> TASK ITEM
Your answer should consist of each line from the data below that contains "Corte".

[Collected data entries]
Segment Open

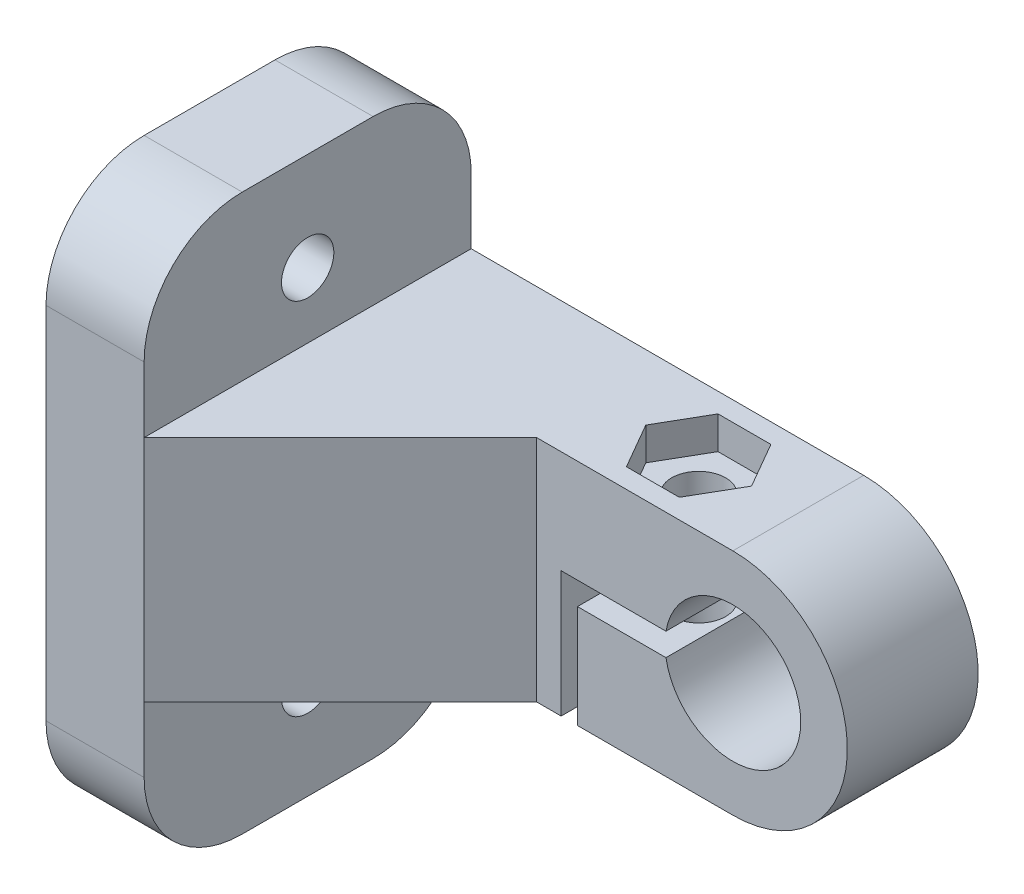
SolidWorks part; units mm, degrees
ref_plane "Plano frontal" through (0, 0, 0) normal (0, 0, 1) x (1, 0, 0)
ref_plane "Plano superior" through (0, 0, 0) normal (0, 1, 0) x (1, 0, 0)
ref_plane "Plano direito" through (0, 0, 0) normal (1, 0, 0) x (0, 0, -1)
sketch "Esboço2" plane through (0, 0, 0) normal (0, 0, 1) x (1, 0, 0)
  line L0 (0, 7) -> (-24, 7)
  line L1 (-30, 17) -> (-30, -17)
  line L2 (-24, -7) -> (-10.5, -7)
  line L3 (-4, 0) -> (-10, 0) construction
  line L4 (-10, 0) -> (-10, -7) construction
  line L5 (-4.0905, 0.7) -> (-10.5, 0.7)
  line L6 (-10.5, 0.7) -> (-10.5, -7)
  line L7 (-4.0905, -0.7) -> (-9.5, -0.7)
  line L8 (-9.5, -0.7) -> (-9.5, -7)
  line L9 (-24, 7) -> (-24, 17)
  line L10 (-24, 17) -> (-30, 17)
  line L11 (-9.5, -7) -> (0, -7)
  line L12 (-24, -7) -> (-24, -17)
  line L13 (-24, -17) -> (-30, -17)
  arc A0 (-4.0905, -0.7) -> (-4.0905, 0.7) centre (0, 0) ccw
  arc A1 (0, -7) -> (0, 7) centre (0, 0) ccw
  point P5 (-30, 0)
  dimension "D1" = 8.3
  dimension "D3" = 7
  dimension "D8" = 6
  dimension "D2" = 10
  dimension "D6" = 20
  dimension "D7" = 10
  dimension "D4" = 0.7
  dimension "D5" = 0.7
  dimension "D9" = 1
extrude "Ressalto-extrusão1" add sketch "Esboço2" along normal blind 20
sketch "Esboço4" plane through (-30, 0, 0) normal (-1, 0, 0) x (0, 0, 1)
  line L2 (20, 17) -> (0, 17) construction
  line L3 (0, 0) -> (20, 0) construction
  line L4 (0, 17) -> (0, -17) construction
  line L5 (20, 17) -> (20, -17) construction
  circle A0 centre (10, 11) radius 1.6
  circle A1 centre (10, -11) radius 1.6
  point P8 (10, 17)
  dimension "D2" = 3.2
  dimension "D1" = 6
extrude "Corte-extrusão2" cut sketch "Esboço4" against normal blind 18
sketch "Esboço5" plane through (-30, 0, 0) normal (-1, 0, 0) x (0, 0, 1)
  circle A0 centre (10, 11) radius 5.25
  circle A1 centre (10, -11) radius 5.25
  dimension "D1" = 10.5
extrude "Corte-extrusão3" cut sketch "Esboço5" against normal blind 1
fillet "Filete1" radius 6 4 edges at (-27, -17, 20) (-27, -17, 0) (-27, 17, 20) (-27, 17, 0)
sketch "Esboço8" plane through (0, 7, 0) normal (0, 1, 0) x (1, 0, 0)
  line L0 (-24, -20) -> (-12, -8)
  line L1 (-12, -8) -> (7, -8)
  line L2 (7, -20) -> (7, 0) construction
  line L3 (7, -8) -> (7, -20)
  line L4 (0, -20) -> (7, -20) construction
  line L5 (7, -20) -> (-24, -20)
  dimension "D1" = 12
  dimension "D2" = 45
extrude "Corte-extrusão6" cut sketch "Esboço8" against normal through all
sketch "Esboço6" plane through (0, 0.7, 0) normal (0, -1, 0) x (1, 0, 0)
  line L0 (-4.0905, 8) -> (-4.0905, 0) construction
  line L1 (7, 0) -> (7, 8) construction
  circle A0 centre (-6.0905, 4) radius 1.65
  point P13 (7, 4)
  dimension "D1" = 3.3
  dimension "D2" = 2
extrude "Corte-extrusão4" cut sketch "Esboço6" against normal through all both and the other way through all
sketch "Esboço7" plane through (0, 7, 0) normal (0, 1, 0) x (1, 0, 0)
  line L1 (-2.8574, -4) -> (-4.474, -1.2)
  line L2 (-4.474, -1.2) -> (-7.7071, -1.2)
  line L3 (-7.7071, -1.2) -> (-9.3237, -4)
  line L4 (-9.3237, -4) -> (-7.7071, -6.8)
  line L5 (-7.7071, -6.8) -> (-4.474, -6.8)
  line L6 (-4.474, -6.8) -> (-2.8574, -4)
  circle A0 centre (-6.0905, -4) radius 2.8 construction
  dimension "D1" = 5.6
extrude "Corte-extrusão5" cut sketch "Esboço7" against normal blind 2
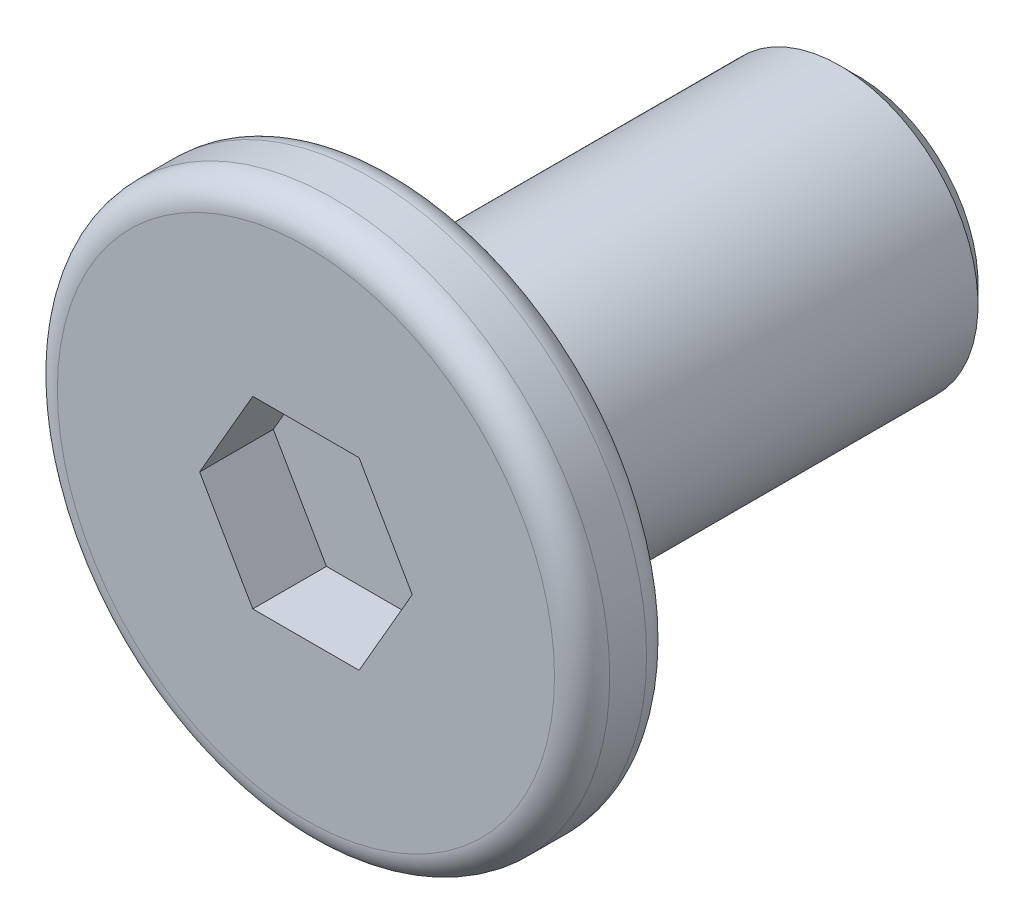
SolidWorks part; units mm, degrees
ref_plane "前视基准面" through (0, 0, 0) normal (0, 0, 1) x (1, 0, 0)
ref_plane "上视基准面" through (0, 0, 0) normal (0, 1, 0) x (1, 0, 0)
ref_plane "右视基准面" through (0, 0, 0) normal (1, 0, 0) x (0, 0, -1)
sketch "草图1" plane through (0, 0, 0) normal (0, 0, 1) x (1, 0, 0)
  circle A0 centre (0, 0) radius 3
  dimension "D1" = 6
extrude "凸台-拉伸1" add sketch "草图1" along normal mid plane 1
sketch "草图2" plane through (0, 0, -0.5) normal (0, 0, -1) x (-1, 0, 0)
  circle A0 centre (0, 0) radius 1.5
  dimension "D1" = 3
extrude "凸台-拉伸2" add sketch "草图2" along normal blind 5
chamfer "倒角1" distance 0.2 angle 45 1 edges at (-1.5, 0, -5.5)
sketch "草图3" plane through (0, 0, 0.5) normal (0, 0, 1) x (1, 0, 0)
  line L1 (1.1547, 0) -> (0.5774, 1)
  line L2 (0.5774, 1) -> (-0.5774, 1)
  line L3 (-0.5774, 1) -> (-1.1547, 0)
  line L4 (-1.1547, 0) -> (-0.5774, -1)
  line L5 (-0.5774, -1) -> (0.5774, -1)
  line L6 (0.5774, -1) -> (1.1547, 0)
  circle A0 centre (0, 0) radius 1 construction
  dimension "D1" = 2
extrude "切除-拉伸1" cut sketch "草图3" against normal blind 0.8
fillet "圆角2" radius 0.3 2 edges at (3, 0, -0.5) (3, 0, 0.5)

Segment Closed

> WRITTEN ANSWER
extrude "Corte-extrusão2" cut sketch "Esboço4" against normal blind 18
extrude "Corte-extrusão3" cut sketch "Esboço5" against normal blind 1
extrude "Corte-extrusão6" cut sketch "Esboço8" against normal through all
extrude "Corte-extrusão4" cut sketch "Esboço6" against normal through all both and the other way through all
extrude "Corte-extrusão5" cut sketch "Esboço7" against normal blind 2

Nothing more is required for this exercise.